**Description of the task**: From the line containing "test_C_Main.m = [1;0])" to the line containing "Constant : Constant" in the entries below, reproduce every line exactly, ends included. Nothing else belongs in the copy, and no pictures.

**Entries provided**:
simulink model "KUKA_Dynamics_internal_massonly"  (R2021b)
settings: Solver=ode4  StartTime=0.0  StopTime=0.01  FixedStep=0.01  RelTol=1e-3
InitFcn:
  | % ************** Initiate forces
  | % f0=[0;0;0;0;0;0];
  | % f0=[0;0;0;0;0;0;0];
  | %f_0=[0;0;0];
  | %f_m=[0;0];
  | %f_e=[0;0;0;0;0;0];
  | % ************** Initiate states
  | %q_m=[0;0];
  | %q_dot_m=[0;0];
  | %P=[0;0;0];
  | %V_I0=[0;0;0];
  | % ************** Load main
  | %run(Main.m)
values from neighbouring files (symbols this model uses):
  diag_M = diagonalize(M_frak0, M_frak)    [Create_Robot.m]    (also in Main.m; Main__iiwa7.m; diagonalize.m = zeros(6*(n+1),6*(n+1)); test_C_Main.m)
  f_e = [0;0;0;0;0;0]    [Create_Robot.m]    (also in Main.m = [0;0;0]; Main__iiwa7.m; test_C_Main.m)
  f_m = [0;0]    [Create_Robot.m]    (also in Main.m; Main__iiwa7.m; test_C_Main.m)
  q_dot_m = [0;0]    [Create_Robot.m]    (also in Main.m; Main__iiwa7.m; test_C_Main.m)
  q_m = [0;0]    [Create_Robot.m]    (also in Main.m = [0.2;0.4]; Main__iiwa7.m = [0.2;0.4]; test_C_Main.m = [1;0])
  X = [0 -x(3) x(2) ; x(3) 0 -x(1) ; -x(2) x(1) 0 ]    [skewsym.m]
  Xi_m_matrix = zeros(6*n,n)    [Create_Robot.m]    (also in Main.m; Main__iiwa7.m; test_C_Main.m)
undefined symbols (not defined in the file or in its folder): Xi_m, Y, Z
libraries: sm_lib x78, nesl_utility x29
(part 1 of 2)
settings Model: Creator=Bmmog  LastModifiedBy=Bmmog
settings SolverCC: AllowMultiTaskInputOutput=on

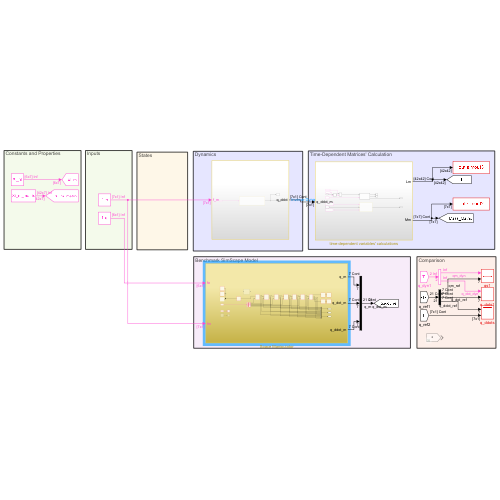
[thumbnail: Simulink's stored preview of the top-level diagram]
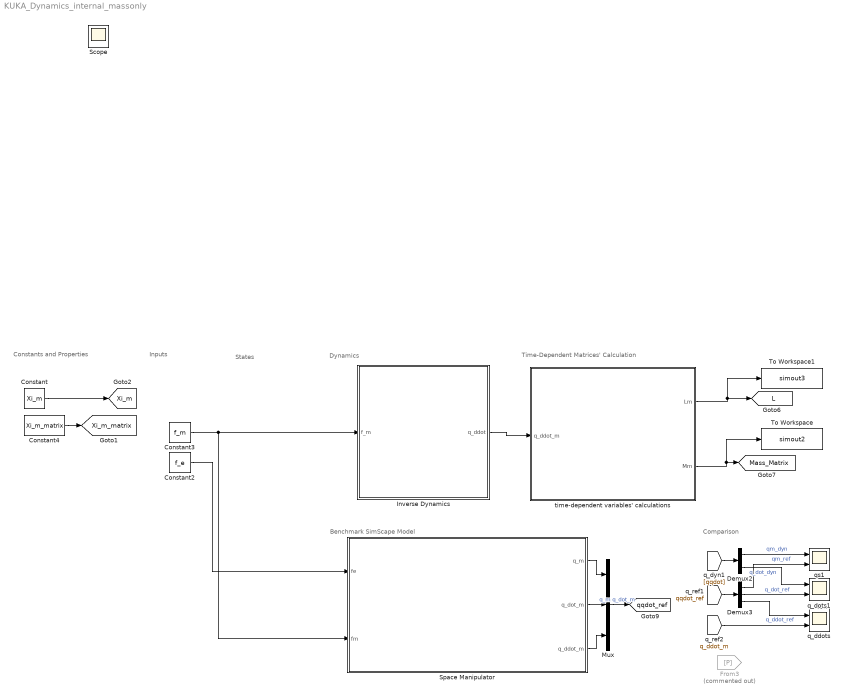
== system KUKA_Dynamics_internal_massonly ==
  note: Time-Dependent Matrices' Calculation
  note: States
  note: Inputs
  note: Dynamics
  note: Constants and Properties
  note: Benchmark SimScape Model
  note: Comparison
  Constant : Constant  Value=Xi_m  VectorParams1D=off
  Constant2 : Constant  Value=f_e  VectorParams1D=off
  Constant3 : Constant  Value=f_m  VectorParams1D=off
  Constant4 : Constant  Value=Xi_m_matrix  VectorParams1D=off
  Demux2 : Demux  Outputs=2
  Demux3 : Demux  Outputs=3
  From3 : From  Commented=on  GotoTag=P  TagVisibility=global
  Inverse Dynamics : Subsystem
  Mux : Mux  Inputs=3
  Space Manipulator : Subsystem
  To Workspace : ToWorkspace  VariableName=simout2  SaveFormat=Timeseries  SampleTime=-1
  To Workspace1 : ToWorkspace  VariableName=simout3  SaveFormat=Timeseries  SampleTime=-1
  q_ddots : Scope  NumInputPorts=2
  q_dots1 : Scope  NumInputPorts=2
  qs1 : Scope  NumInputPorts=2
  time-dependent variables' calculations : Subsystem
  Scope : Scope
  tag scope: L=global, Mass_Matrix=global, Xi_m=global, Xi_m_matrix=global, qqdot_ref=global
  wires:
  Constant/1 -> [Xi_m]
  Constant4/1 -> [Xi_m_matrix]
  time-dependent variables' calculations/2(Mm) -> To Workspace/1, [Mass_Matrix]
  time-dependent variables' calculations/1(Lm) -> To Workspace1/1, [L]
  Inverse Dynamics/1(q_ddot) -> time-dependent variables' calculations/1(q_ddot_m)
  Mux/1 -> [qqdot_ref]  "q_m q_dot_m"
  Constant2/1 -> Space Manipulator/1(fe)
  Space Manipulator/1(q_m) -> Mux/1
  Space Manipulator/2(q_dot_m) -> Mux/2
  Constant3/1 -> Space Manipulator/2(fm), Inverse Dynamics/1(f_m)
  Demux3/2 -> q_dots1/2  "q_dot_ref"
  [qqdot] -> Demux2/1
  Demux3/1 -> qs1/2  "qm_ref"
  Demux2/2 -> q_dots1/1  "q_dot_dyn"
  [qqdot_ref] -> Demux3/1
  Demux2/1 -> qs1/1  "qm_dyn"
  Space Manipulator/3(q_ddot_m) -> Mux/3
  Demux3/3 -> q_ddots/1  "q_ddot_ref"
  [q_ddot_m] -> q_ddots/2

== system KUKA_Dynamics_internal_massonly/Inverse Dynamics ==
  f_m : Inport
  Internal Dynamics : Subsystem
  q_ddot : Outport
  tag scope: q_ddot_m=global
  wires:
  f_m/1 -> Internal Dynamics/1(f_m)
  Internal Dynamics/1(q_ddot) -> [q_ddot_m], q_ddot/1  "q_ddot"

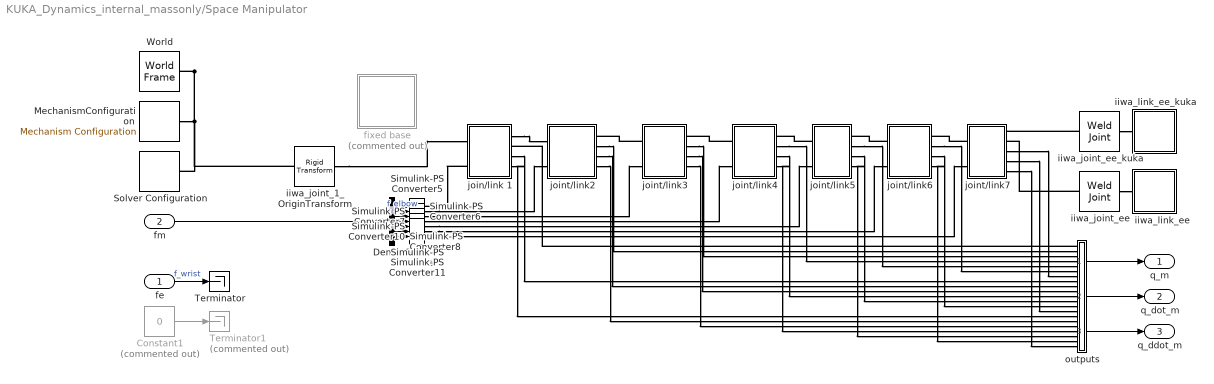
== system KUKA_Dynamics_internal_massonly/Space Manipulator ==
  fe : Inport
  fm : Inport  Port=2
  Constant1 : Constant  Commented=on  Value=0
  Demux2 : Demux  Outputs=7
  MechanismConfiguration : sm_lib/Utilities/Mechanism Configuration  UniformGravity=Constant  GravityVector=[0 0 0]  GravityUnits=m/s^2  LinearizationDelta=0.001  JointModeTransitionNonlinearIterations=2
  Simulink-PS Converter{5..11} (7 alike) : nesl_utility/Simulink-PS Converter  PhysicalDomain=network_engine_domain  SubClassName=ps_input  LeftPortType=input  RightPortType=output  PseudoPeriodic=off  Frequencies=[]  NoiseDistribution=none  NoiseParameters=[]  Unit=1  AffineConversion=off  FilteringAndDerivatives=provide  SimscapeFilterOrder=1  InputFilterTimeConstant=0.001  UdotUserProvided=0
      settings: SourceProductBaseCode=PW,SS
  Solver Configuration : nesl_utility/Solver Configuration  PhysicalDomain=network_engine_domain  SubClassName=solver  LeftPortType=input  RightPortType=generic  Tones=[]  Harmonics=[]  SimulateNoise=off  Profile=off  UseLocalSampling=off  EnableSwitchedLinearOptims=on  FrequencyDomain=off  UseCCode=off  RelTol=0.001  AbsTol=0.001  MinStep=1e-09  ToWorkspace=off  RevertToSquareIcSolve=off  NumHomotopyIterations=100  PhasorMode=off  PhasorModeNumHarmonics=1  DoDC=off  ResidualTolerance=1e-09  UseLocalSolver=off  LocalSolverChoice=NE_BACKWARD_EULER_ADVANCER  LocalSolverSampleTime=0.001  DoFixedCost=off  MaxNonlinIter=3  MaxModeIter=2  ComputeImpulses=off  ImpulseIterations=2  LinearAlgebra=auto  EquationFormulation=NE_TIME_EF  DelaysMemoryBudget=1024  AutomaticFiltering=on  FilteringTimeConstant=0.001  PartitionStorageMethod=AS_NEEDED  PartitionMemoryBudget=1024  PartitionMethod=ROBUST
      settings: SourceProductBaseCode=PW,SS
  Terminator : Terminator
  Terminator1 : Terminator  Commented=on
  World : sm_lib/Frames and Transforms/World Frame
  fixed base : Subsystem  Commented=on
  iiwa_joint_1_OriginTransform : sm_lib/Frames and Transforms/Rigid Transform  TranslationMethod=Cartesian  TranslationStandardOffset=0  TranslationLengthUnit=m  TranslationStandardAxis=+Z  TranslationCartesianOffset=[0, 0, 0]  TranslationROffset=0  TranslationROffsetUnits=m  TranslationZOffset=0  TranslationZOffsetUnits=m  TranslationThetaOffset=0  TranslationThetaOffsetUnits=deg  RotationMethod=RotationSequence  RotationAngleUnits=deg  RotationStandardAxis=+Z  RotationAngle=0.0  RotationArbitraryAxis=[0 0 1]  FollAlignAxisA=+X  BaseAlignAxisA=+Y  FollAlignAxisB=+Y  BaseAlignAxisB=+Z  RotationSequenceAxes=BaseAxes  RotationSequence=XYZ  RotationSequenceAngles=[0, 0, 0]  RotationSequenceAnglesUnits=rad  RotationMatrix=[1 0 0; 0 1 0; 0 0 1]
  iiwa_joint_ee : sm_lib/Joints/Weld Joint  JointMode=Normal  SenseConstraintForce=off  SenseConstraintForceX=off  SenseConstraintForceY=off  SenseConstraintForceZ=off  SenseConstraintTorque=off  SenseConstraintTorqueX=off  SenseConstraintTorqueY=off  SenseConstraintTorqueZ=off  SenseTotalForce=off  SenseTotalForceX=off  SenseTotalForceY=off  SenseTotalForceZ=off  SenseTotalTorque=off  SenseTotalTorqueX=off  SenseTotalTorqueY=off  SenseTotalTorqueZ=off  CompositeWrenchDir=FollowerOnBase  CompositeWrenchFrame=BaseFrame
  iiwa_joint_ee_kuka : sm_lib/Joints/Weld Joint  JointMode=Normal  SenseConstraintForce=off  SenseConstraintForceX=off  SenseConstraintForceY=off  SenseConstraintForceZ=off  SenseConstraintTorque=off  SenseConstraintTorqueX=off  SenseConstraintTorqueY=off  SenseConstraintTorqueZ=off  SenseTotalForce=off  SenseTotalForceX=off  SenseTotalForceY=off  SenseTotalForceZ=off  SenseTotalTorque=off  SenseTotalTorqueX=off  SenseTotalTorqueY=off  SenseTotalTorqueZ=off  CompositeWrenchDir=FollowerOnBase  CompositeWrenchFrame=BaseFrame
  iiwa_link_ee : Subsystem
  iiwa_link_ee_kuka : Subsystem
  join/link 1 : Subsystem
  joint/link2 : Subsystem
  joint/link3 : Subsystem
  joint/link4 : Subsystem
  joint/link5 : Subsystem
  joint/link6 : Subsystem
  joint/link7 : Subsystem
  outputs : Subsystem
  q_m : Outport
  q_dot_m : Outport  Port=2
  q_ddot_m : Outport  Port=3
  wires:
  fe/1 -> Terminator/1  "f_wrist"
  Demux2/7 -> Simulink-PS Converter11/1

**Exercise response**:
  q_m = [0;0]    [Create_Robot.m]    (also in Main.m = [0.2;0.4]; Main__iiwa7.m = [0.2;0.4]; test_C_Main.m = [1;0])
  X = [0 -x(3) x(2) ; x(3) 0 -x(1) ; -x(2) x(1) 0 ]    [skewsym.m]
  Xi_m_matrix = zeros(6*n,n)    [Create_Robot.m]    (also in Main.m; Main__iiwa7.m; test_C_Main.m)
undefined symbols (not defined in the file or in its folder): Xi_m, Y, Z
libraries: sm_lib x78, nesl_utility x29
(part 1 of 2)
settings Model: Creator=Bmmog  LastModifiedBy=Bmmog
settings SolverCC: AllowMultiTaskInputOutput=on

[thumbnail: Simulink's stored preview of the top-level diagram]
== system KUKA_Dynamics_internal_massonly ==
  note: Time-Dependent Matrices' Calculation
  note: States
  note: Inputs
  note: Dynamics
  note: Constants and Properties
  note: Benchmark SimScape Model
  note: Comparison
  Constant : Constant  Value=Xi_m  VectorParams1D=off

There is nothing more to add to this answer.